Produits de la misère
Chérif et Saïd Kouachi, tout comme Amedy Coulibaly, sont de purs produits de la misère. Tous trois élevés dans des quartiers défavorisés, ils représentent en quelque sorte le portrait typique du djihadiste français : enfance misérable, petite délinquance pour Coulibaly, les foyers pour les frères Kouachi, radicalisation sur fond d’interventions occidentales dans des pays arabes et en prison, puis passage à l’acte dans un contexte international plus que tendu. Et ils ne sont pas les premiers ni les derniers à être prêts à passer à l’acte. Comme ces centaines de jeunes, pour la grande majorité issus de quartiers « chauds », qui
partent faire le djihad en Syrie ou en Irak, ils sont français, ils ont grandi en France, ils ont fréquenté l’école républicaine.

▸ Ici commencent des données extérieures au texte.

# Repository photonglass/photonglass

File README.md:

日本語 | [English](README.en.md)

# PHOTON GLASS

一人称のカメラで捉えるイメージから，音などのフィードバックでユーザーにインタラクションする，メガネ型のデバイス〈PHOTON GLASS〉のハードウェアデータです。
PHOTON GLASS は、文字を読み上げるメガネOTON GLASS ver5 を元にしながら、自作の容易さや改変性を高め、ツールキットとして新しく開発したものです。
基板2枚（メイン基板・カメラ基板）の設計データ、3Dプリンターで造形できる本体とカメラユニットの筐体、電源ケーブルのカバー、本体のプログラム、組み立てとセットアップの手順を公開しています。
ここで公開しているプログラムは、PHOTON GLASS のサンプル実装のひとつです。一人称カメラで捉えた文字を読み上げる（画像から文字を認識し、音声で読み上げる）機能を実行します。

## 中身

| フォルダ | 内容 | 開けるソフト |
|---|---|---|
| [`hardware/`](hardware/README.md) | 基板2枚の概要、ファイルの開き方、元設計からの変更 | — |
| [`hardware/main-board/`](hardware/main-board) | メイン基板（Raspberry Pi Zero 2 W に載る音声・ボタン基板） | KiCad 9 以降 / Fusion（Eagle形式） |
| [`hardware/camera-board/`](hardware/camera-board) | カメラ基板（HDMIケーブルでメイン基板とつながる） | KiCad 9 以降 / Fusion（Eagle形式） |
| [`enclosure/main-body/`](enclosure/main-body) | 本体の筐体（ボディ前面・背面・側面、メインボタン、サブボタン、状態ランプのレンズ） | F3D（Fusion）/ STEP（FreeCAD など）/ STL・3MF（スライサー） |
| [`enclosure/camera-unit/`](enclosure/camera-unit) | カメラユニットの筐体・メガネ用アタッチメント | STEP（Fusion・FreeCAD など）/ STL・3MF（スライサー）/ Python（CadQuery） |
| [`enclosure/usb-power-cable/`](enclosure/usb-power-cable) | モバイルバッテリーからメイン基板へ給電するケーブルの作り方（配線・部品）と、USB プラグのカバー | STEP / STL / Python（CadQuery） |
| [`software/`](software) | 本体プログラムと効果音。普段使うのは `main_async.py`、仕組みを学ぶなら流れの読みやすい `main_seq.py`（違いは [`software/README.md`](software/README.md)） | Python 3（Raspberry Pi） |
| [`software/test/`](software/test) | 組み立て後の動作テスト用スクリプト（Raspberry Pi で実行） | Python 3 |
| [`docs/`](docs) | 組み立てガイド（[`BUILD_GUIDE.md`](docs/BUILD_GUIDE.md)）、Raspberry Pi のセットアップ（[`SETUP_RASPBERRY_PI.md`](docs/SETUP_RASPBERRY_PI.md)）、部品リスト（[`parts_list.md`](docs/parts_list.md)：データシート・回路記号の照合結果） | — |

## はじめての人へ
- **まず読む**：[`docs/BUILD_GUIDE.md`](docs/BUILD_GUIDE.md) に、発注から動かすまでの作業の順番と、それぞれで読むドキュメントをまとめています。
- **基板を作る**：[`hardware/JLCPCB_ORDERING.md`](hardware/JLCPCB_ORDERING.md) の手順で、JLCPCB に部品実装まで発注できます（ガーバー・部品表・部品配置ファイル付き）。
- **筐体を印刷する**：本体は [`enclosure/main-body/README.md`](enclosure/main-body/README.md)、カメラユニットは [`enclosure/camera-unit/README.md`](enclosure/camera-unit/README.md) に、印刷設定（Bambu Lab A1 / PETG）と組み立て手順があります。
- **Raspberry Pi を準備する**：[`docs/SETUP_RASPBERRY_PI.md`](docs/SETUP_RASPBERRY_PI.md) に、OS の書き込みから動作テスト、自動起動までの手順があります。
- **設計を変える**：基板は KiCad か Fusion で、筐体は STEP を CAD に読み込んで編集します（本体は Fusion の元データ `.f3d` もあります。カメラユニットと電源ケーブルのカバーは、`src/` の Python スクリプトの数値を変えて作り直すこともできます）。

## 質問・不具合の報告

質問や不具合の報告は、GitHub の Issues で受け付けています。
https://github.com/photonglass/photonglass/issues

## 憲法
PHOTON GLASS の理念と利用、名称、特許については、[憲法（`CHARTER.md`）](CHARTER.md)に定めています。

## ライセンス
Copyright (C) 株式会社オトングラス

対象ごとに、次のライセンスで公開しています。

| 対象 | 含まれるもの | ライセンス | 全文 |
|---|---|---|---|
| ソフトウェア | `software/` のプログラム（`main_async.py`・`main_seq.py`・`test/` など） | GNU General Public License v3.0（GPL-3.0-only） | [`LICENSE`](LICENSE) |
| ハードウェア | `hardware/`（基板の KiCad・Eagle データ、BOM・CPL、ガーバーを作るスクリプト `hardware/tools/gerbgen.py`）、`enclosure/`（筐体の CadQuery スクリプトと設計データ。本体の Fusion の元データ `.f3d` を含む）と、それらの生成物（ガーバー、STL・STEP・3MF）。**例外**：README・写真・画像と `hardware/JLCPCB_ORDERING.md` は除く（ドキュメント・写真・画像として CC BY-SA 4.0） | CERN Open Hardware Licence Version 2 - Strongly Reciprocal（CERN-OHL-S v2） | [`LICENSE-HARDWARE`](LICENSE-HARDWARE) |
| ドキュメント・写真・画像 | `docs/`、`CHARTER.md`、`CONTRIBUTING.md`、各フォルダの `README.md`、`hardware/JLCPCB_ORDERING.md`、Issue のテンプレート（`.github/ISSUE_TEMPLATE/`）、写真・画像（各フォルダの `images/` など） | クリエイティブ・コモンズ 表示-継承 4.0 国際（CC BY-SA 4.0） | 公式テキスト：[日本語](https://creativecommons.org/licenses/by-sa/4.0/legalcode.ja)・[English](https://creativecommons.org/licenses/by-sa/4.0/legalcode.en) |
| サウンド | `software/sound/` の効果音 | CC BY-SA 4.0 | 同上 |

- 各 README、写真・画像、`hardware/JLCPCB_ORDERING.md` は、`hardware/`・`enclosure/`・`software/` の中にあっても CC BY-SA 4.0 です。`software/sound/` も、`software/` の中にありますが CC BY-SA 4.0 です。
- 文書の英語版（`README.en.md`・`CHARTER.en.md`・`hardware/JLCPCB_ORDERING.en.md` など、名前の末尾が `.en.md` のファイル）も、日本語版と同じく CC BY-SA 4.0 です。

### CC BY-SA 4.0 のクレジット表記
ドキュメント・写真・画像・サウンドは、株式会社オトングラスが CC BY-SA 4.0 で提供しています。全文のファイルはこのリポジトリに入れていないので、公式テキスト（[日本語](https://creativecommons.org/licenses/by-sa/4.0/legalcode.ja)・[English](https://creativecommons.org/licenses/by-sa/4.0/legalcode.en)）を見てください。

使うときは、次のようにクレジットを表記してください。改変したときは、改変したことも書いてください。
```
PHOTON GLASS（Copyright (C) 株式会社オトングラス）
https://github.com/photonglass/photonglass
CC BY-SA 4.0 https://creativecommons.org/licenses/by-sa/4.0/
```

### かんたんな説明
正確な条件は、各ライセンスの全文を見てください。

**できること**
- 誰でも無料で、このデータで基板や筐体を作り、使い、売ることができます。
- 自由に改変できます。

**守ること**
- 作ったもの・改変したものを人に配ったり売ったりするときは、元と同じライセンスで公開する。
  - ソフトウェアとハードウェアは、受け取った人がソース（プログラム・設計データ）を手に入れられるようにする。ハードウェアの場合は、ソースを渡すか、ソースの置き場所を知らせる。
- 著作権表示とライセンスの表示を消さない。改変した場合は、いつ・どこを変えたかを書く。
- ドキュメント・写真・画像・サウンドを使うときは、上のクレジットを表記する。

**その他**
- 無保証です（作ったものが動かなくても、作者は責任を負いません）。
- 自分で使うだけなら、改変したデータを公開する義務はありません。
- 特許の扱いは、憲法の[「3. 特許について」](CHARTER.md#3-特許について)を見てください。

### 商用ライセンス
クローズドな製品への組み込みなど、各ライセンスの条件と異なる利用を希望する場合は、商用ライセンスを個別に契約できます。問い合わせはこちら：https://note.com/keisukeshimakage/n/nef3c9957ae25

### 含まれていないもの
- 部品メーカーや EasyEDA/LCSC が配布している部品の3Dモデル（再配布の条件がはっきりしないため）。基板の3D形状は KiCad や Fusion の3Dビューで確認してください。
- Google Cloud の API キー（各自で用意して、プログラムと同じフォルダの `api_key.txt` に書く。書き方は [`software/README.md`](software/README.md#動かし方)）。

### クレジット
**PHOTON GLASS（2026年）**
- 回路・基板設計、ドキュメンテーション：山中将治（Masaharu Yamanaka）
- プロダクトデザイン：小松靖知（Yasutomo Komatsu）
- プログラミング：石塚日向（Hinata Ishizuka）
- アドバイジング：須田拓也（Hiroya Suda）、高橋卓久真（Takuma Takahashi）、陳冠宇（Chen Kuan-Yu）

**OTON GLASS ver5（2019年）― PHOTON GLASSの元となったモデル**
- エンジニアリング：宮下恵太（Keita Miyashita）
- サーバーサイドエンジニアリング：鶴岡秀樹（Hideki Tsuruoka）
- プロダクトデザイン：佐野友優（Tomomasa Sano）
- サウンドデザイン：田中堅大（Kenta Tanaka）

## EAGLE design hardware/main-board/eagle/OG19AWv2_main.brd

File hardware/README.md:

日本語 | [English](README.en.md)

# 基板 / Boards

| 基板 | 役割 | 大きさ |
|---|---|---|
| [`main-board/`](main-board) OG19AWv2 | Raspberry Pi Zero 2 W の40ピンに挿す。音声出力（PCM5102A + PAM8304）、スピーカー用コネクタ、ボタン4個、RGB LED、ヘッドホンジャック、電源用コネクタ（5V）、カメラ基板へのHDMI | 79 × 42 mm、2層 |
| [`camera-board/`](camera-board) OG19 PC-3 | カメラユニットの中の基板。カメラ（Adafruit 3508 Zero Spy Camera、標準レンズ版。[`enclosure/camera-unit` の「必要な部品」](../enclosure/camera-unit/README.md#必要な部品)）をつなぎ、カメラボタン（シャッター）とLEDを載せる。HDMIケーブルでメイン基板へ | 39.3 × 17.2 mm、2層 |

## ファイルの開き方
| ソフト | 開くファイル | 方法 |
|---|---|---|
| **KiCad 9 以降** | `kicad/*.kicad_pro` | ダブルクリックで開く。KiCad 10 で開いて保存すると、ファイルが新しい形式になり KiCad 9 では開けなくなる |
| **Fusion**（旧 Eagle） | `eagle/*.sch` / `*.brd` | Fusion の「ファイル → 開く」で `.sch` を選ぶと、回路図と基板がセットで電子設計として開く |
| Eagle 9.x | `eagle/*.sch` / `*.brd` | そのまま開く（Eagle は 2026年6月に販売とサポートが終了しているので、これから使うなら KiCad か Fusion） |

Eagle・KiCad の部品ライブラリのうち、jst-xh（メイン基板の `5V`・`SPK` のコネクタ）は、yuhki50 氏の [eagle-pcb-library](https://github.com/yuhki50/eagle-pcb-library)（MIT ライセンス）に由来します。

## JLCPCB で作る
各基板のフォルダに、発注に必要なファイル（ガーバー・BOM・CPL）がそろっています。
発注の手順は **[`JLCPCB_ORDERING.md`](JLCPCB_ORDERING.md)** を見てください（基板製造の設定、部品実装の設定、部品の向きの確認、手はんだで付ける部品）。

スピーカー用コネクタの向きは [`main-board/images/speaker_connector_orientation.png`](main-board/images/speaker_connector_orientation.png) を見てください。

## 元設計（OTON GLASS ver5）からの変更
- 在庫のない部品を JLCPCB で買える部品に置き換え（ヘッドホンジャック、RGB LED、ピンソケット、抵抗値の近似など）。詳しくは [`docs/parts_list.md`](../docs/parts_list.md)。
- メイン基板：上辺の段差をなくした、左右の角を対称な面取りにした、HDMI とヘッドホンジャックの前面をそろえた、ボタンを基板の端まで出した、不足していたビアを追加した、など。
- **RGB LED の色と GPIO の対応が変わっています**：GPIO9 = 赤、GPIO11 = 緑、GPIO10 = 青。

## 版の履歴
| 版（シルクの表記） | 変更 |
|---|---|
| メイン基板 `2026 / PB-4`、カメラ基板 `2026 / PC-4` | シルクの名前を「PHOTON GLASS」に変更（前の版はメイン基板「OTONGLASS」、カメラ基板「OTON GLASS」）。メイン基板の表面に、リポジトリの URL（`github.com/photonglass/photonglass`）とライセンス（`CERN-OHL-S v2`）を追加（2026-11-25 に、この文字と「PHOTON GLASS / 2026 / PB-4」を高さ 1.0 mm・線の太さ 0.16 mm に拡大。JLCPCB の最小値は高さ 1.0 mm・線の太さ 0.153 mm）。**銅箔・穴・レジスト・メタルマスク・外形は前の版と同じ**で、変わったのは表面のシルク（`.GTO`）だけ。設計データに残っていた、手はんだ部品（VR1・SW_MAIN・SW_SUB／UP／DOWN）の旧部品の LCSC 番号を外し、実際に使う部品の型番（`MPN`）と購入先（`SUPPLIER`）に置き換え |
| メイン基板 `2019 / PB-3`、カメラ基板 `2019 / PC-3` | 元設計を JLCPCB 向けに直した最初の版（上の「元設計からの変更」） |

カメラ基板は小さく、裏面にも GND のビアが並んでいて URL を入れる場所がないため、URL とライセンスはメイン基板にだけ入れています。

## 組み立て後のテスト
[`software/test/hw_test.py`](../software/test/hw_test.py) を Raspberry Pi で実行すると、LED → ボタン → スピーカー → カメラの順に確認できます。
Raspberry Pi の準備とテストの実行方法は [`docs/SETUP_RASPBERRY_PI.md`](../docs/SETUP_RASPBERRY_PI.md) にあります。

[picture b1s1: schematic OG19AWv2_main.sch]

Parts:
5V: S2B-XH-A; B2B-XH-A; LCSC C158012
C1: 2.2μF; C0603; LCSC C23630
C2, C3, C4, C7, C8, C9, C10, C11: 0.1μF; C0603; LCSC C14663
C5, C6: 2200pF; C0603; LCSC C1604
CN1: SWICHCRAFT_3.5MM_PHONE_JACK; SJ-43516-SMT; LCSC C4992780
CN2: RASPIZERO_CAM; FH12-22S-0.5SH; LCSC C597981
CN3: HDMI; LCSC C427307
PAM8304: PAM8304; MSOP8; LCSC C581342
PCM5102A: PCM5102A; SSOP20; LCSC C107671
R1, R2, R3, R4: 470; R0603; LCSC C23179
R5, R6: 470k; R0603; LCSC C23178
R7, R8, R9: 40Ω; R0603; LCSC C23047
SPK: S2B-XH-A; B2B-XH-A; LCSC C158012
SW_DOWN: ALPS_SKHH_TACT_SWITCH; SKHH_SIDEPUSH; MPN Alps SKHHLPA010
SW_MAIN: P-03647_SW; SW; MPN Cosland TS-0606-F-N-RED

« Un apartheid territorial, social, ethnique […] s’est imposé à notre pays », disait le premier ministre français Manuel Valls lors de ses voeux à la presse, le 20 janvier. Une expression beaucoup discutée et critiquée par la suite. Etait-elle fausse pour autant ? En France, chaque ville a ses cités. Des quartiers où est amassée la population pauvre, très majoritairement « d’origine », des quartiers séparés de la ville, avec une infrastructure le plus souvent en ruines. Celui qui habite une banlieue n’a que très peu d’occasions de participer à la vie urbaine, pourtant garante de progrès, d’ouverture d’esprit et de multiculturalisme aux yeux de beaucoup. S’y ajoute un taux de chômage particulièrement élevé, surtout chez les jeunes.
Enfermés dans ces « zones urbaines sensibles », les populations défavorisées restent entre elles. La misère se reproduit et les occasions de s’en sortir sont rares. Marginalisés, stigmatisés dès qu’ils sortent du quartier parce que facilement reconnaissables en tant que jeunes de banlieue, le repli sur soi, ses amis, son quartier, ses origines et sa religion est courant chez bon nombre d’habitants des quartiers. S’y ajoute une pression sociale énorme : comme dans un village, tout le monde connaît tout le monde. Alors qu’ils sont le plus souvent français depuis deux ou trois générations, les seuls contacts que ces jeunes ont avec l’« autre France » sont de nature négative : contrôles de police racistes, réponses négatives à des demandes d’emploi, regards assassins lors de sorties en ville.
Très tôt confrontés à une réalité sociale désastreuse, sans perspectives et souvent tentés par l’argent facile que promet la délinquance, bon nombre décrochent alors très tôt de l’école et n’appréhendent que peu les « valeurs de la République ». Dès lors, la prochaine étape, c’est la prison. Remplies d’habitants des quartiers, les prisons ne sont pas seulement des écoles du crime – tu entres petit délinquant, tu sors prêt à entamer une carrière dans le grand banditisme -, mais aussi des terreaux fertiles au fanatisme.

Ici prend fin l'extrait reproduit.